Chen, Dougherty, and Bittner [Y. Chen, E. R. Dougherty, and M. L. Bittner, J. Biomed. Opt. 2(4), 364–374 (1997)] provided the derivation of a probability density function (PDF) for a signal ratio from a DNA microarray. This PDF is potentially useful for testing whether a pair of signals from the same gene has a common mean. The derivation of the PDF assumes the normality of all signal distributions and a common coefficient of variation (CV) for all signals within a microarray. The testing procedure requires the calculation of a common confidence interval for a microarray, based on a maximum likelihood estimator of the "common" CV, and the determination of whether or not a ratio for a particular gene falls within this interval. This study used Monte Carlo techniques and demonstrated that the procedure is robust to violations of normality and also to constancy in the coefficients of variation. A closer examination of the dynamics of the procedure found that the robustness was the result of offsetting effects.

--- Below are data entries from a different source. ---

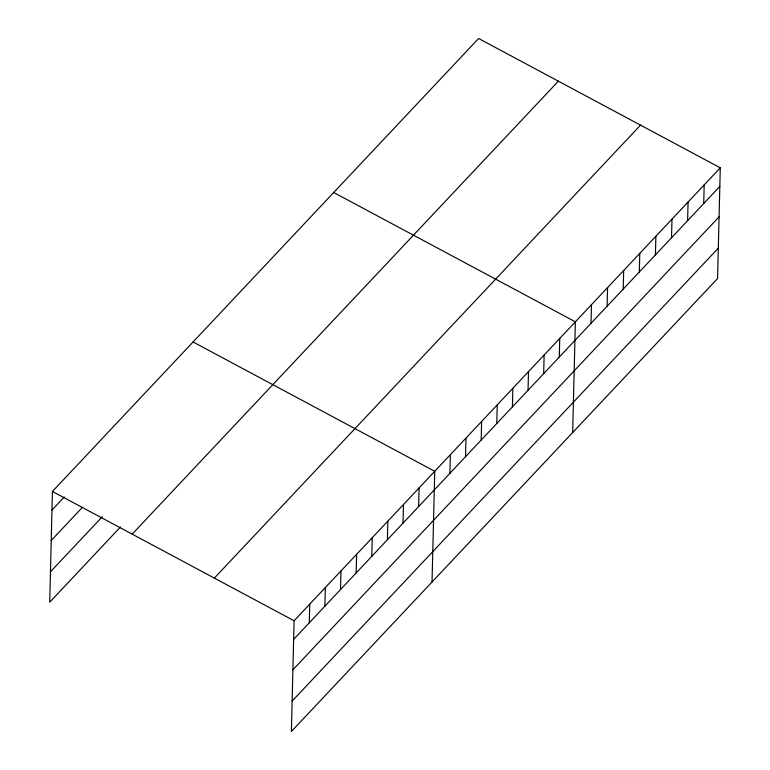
<?xml version="1.0" encoding="UTF-8"?>
<svg xmlns="http://www.w3.org/2000/svg" width="770" height="770" viewBox="0 0 770 770"><rect width="100%" height="100%" fill="white"/><g stroke="black" fill="none" stroke-linecap="round" stroke-linejoin="round"><path stroke-width="1.16" d="M720.277 167.812L294.092 620.774L291.387 731.5L717.573 278.538L720.277 167.812L478.613 38.5L52.427 491.462L49.723 602.188L120.457 527.007M309.271 622.795L309.723 604.171M324.892 606.183L325.344 587.558M340.523 589.579L340.975 570.955M356.144 572.967L356.606 554.342M371.775 556.363L372.228 537.739M387.397 539.751L387.859 521.126M403.028 523.138L403.48 504.514M418.649 506.535L419.111 487.911M432.028 582.024L434.732 471.298L193.068 341.986M449.911 473.319L450.363 454.695M465.532 456.706L465.985 438.082M481.163 440.094L481.616 421.469M496.785 423.49L497.237 404.866M512.416 406.878L512.868 388.253M528.037 390.275L528.499 371.65M543.668 373.662L544.121 355.037M559.29 357.059L559.751 338.425M572.668 432.538L575.373 321.822L333.708 192.51M591.023 323.333L591.476 304.708M607.116 306.219L607.578 287.595M623.219 289.106L623.671 270.482M639.321 271.993L639.774 253.369M655.424 254.889L655.876 236.265M671.517 237.776L671.979 219.152M687.62 220.663L688.072 202.038M703.722 203.549L704.175 184.925M51.975 510.087L64.314 496.977M51.234 540.482L82.486 507.266M50.464 571.792L102.285 516.728M132.18 534.139L558.365 81.177M214.349 578.106L640.524 125.135M293.639 639.398L719.825 186.436M292.898 669.794L719.084 216.832M292.128 701.104L718.314 248.142M52.427 491.462L294.092 620.774"/></g></svg>
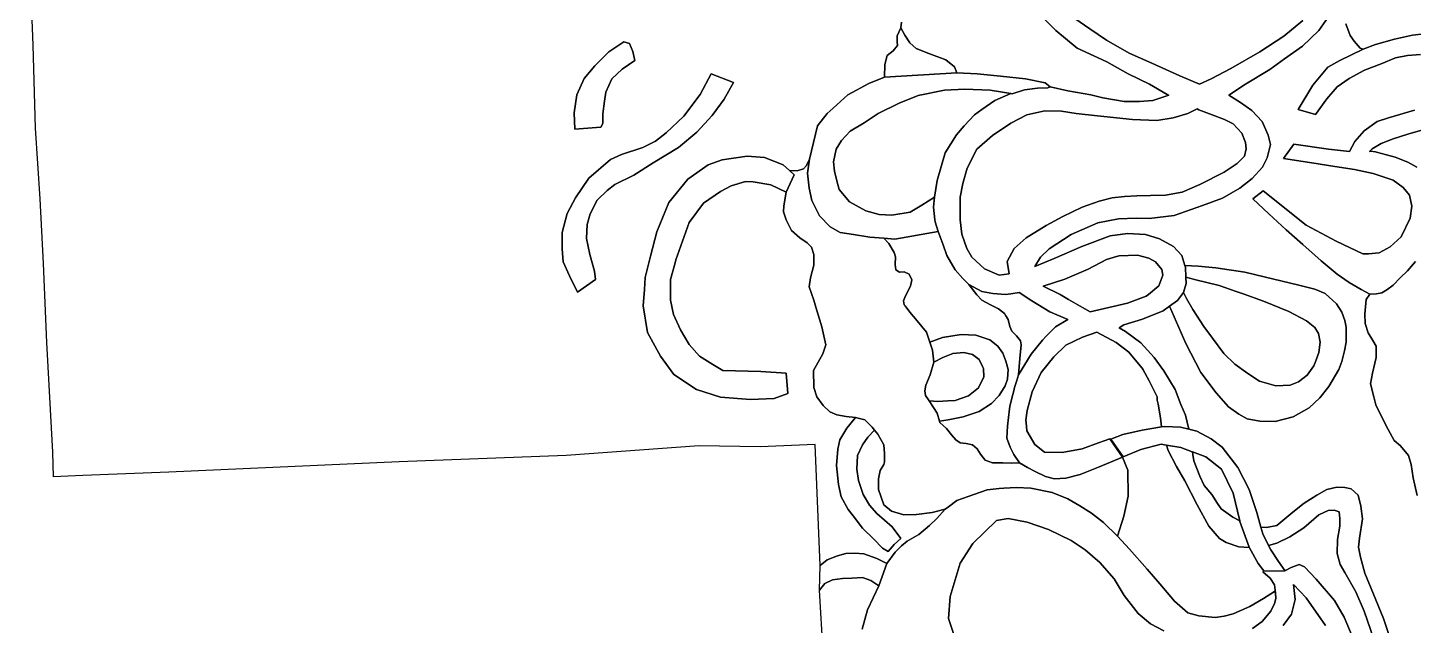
# Model space of a CAD drawing. Header units: inches. Extents: x 288635 to 1232953, y 676945 to 1655780.
# Drawn here: x 359681 to 402985, y 799738 to 818432 of the extents above; entities that cross this region are included whole.
import ezdxf

# ---------------------------------------------------------------- set-up
doc = ezdxf.new("R2010")
doc.units = ezdxf.units.IN
doc.header["$MEASUREMENT"] = 0

msp = doc.modelspace()

# ---------------------------------------------------------------- linework, layer by layer
at = {"color": 1}
for points in [[(386991.5589, 818602.0031), (386971.3447, 818430.8702), (386854.5045, 818176.8697), (386849.4245, 817993.9894), (386864.6645, 817877.1491), (386727.5042, 817704.4288), (386544.6239, 817562.1885), (386468.4237, 817282.7879), (386458.2637, 816886.5471), (385973.4402, 816681.3006), (385313.0389, 816334.1666), (384850.0635, 815913.8336), (384669.571, 815749.9654), (384364.7703, 815360.498), (384178.5033, 814581.5631), (384110.7698, 814319.0959), (384017.6363, 814124.3622), (383924.5028, 814014.2953), (383729.7691, 813955.0285), (383485.2595, 813965.8376), (383288.4234, 814138.6692), (382704.2223, 814367.2697), (382170.8212, 814409.6031), (381383.4196, 814299.5362), (380951.6188, 814147.1359), (380308.1508, 813698.4017), (379715.483, 812961.8002), (379342.9489, 812047.3984), (379148.2152, 811285.3969), (378978.8815, 810616.5289), (378953.4601, 810238.8397), (378919.6147, 809735.9938), (379055.0816, 808897.7921), (379461.4824, 808152.7239), (379876.3499, 807585.4561), (380587.5514, 807111.3219), (381332.6195, 806874.2547), (382272.4214, 806806.5212), (383009.0229, 806831.9213), (383432.3571, 806992.7883), (383390.0236, 807627.7896), (382594.1554, 807678.5897), (381408.8197, 807712.4564), (381095.5524, 807898.7234), (380672.2182, 808152.7239), (380350.4842, 808525.258), (380088.017, 808982.4589), (379859.4166, 809456.5932), (379774.7497, 809905.3274), (379774.7497, 810557.2621), (379911.2405, 811081.674), (379935.6167, 811175.33), (380358.9509, 812335.2656), (380799.2185, 812944.8669), (381332.6195, 813308.9343), (381671.2869, 813486.7346), (382111.5544, 813622.2015), (382357.0882, 813613.7349), (382907.4227, 813520.6013), (383381.557, 813292.0009), (383308.0224, 812864.2374), (383301.6724, 812673.737), (383384.2225, 812426.0866), (383555.6729, 812083.1859), (383809.6734, 811854.5854), (384038.2739, 811702.1851), (384177.9741, 811562.4848), (384247.8243, 811340.2344), (384254.1743, 811003.6837), (384146.2241, 810609.9829), (384108.124, 810324.2323), (384254.1743, 809905.1315), (384317.4845, 809692.4741), (384501.8248, 809073.2798), (384622.475, 808508.1287), (384527.2248, 808235.0782), (384241.4743, 807708.0271), (384247.8243, 807180.9761), (384343.0745, 806882.5255), (384539.9249, 806615.8249), (384749.4753, 806412.6245), (384965.3757, 806323.7243), (385257.4763, 806266.5742), (385549.5769, 806241.1742), (385370.607, 806015.3312), (385282.8763, 805904.6235), (385066.9759, 805536.3228), (384997.1258, 805250.5722), (384953.5929, 804732.5565), (385019.633, 804138.1953), (385100.9132, 803757.1946), (385324.4336, 803366.0338), (385476.834, 803162.8334), (385766.3945, 802776.7526), (386121.9952, 802431.3119), (386391.2358, 802146.8313), (386574.1161, 802045.2311), (386756.9965, 802263.6716), (386970.3569, 802456.712), (386701.1164, 802817.3927), (386223.5954, 803239.0335), (385989.915, 803493.034), (385796.8746, 803828.3147), (385649.5543, 804270.2756), (385593.6742, 804620.7963), (385613.9942, 805052.5972), (385766.3945, 805387.8778), (385939.1149, 805621.5583), (386149.1892, 805840.5295), (386254.9292, 805713.1607), (386432.7296, 805378.7267), (386462.363, 805112.0262), (386462.363, 804849.559), (386432.7296, 804769.1255), (386318.4294, 804578.6251), (386267.6293, 804324.6246), (386267.6293, 803981.724), (386432.7296, 803511.823), (386678.2634, 803304.3893), (387063.4975, 803190.089), (387461.4316, 803202.7891), (387944.0326, 803270.5225), (388358.9001, 803367.8894), (388096.6375, 803078.0819), (387862.9571, 802859.6414), (387531.704, 802580.4425), (387166.9957, 802371.9605), (386989.1953, 802219.5602), (386796.1549, 802021.4398), (386535.3811, 801675.4487), (386220.4204, 801832.929), (385814.0196, 801975.1693), (385534.6191, 801995.4894), (385245.0585, 801985.3293), (384991.058, 801914.2092), (384671.0173, 801787.209), (384452.5769, 801604.3286), (384287.018, 805395.0316), (382572.5145, 805318.8315), (380667.5107, 805356.9315), (376514.6024, 805052.1309), (371294.892, 804848.9305), (364094.9936, 804524.3179), (361402.5882, 804422.7177), (360483.1064, 804387.1576), (360467.8663, 805149.1591), (360279.9059, 808583.246), (360173.2257, 811057.2109), (360071.6255, 813079.055), (359924.3052, 815283.7794), (359855.5777, 817887.6938), (359681.2318, 822152.4639)], [(391464.4985, 818686.9246), (391815.0192, 818346.5639), (392480.5005, 817792.8428), (393003.7415, 817549.0023), (393410.1424, 817366.122), (394075.6237, 816990.2012), (394741.105, 816670.1606), (395289.7461, 816345.0399), (395345.673, 816320.9146), (394841.6281, 816152.2853), (394425.0672, 816126.8852), (394425.0672, 816126.8852), (393952.6263, 816126.8852), (393287.145, 816233.5655), (392906.1442, 816330.0857), (392184.7828, 816457.0859), (391640.0222, 816583.0067), (391477.4619, 816704.9269), (390862.7807, 816826.8471), (390085.5391, 816918.2873), (389359.0977, 816984.3275), (388723.9482, 817023.7074), (388642.6681, 817206.5878), (388378.5075, 817425.0282), (387845.1065, 817623.1486), (387443.7857, 817780.6289), (387250.7453, 817953.3493), (387098.345, 818202.2698), (386971.3447, 818430.8702), (386991.5589, 818602.0031)], [(400327.8346, 818764.7138), (400033.194, 818348.153), (399525.193, 817850.312), (398961.3118, 817454.0712), (398504.1109, 817118.7905), (397742.1094, 816666.6696), (397216.1306, 816319.8135), (397585.9107, 816096.1194), (397941.5114, 815837.0389), (398266.6321, 815496.6782), (398449.5124, 815069.9574), (398520.6326, 814780.3968), (398413.9524, 814363.836), (398271.7121, 814069.1954), (397951.6714, 813713.5947), (397565.5907, 813413.8741), (397022.0296, 813103.9934), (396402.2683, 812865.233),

The size of the confidence interval was increased as a result of higher estimates of the common CV, as the actual CV pattern became heterogeneous. This effect mitigated the inflation in the size of the ratio as a result of increasing CV heterogeneity. These findings suggest that the Chen–Dougherty–Bittner procedure may be used even if underlying assumptions do not hold.

Paper Details

Date Published: 1 October 2002
PDF: 11 pages
J. Biomed. Opt. 7(4) doi: 10.1117/1.1501561
Published in: Journal of Biomedical Optics Volume 7, Issue 4
Show Author Affiliations
Douglas A. Powell, National Cancer Institute at Frederick (United States)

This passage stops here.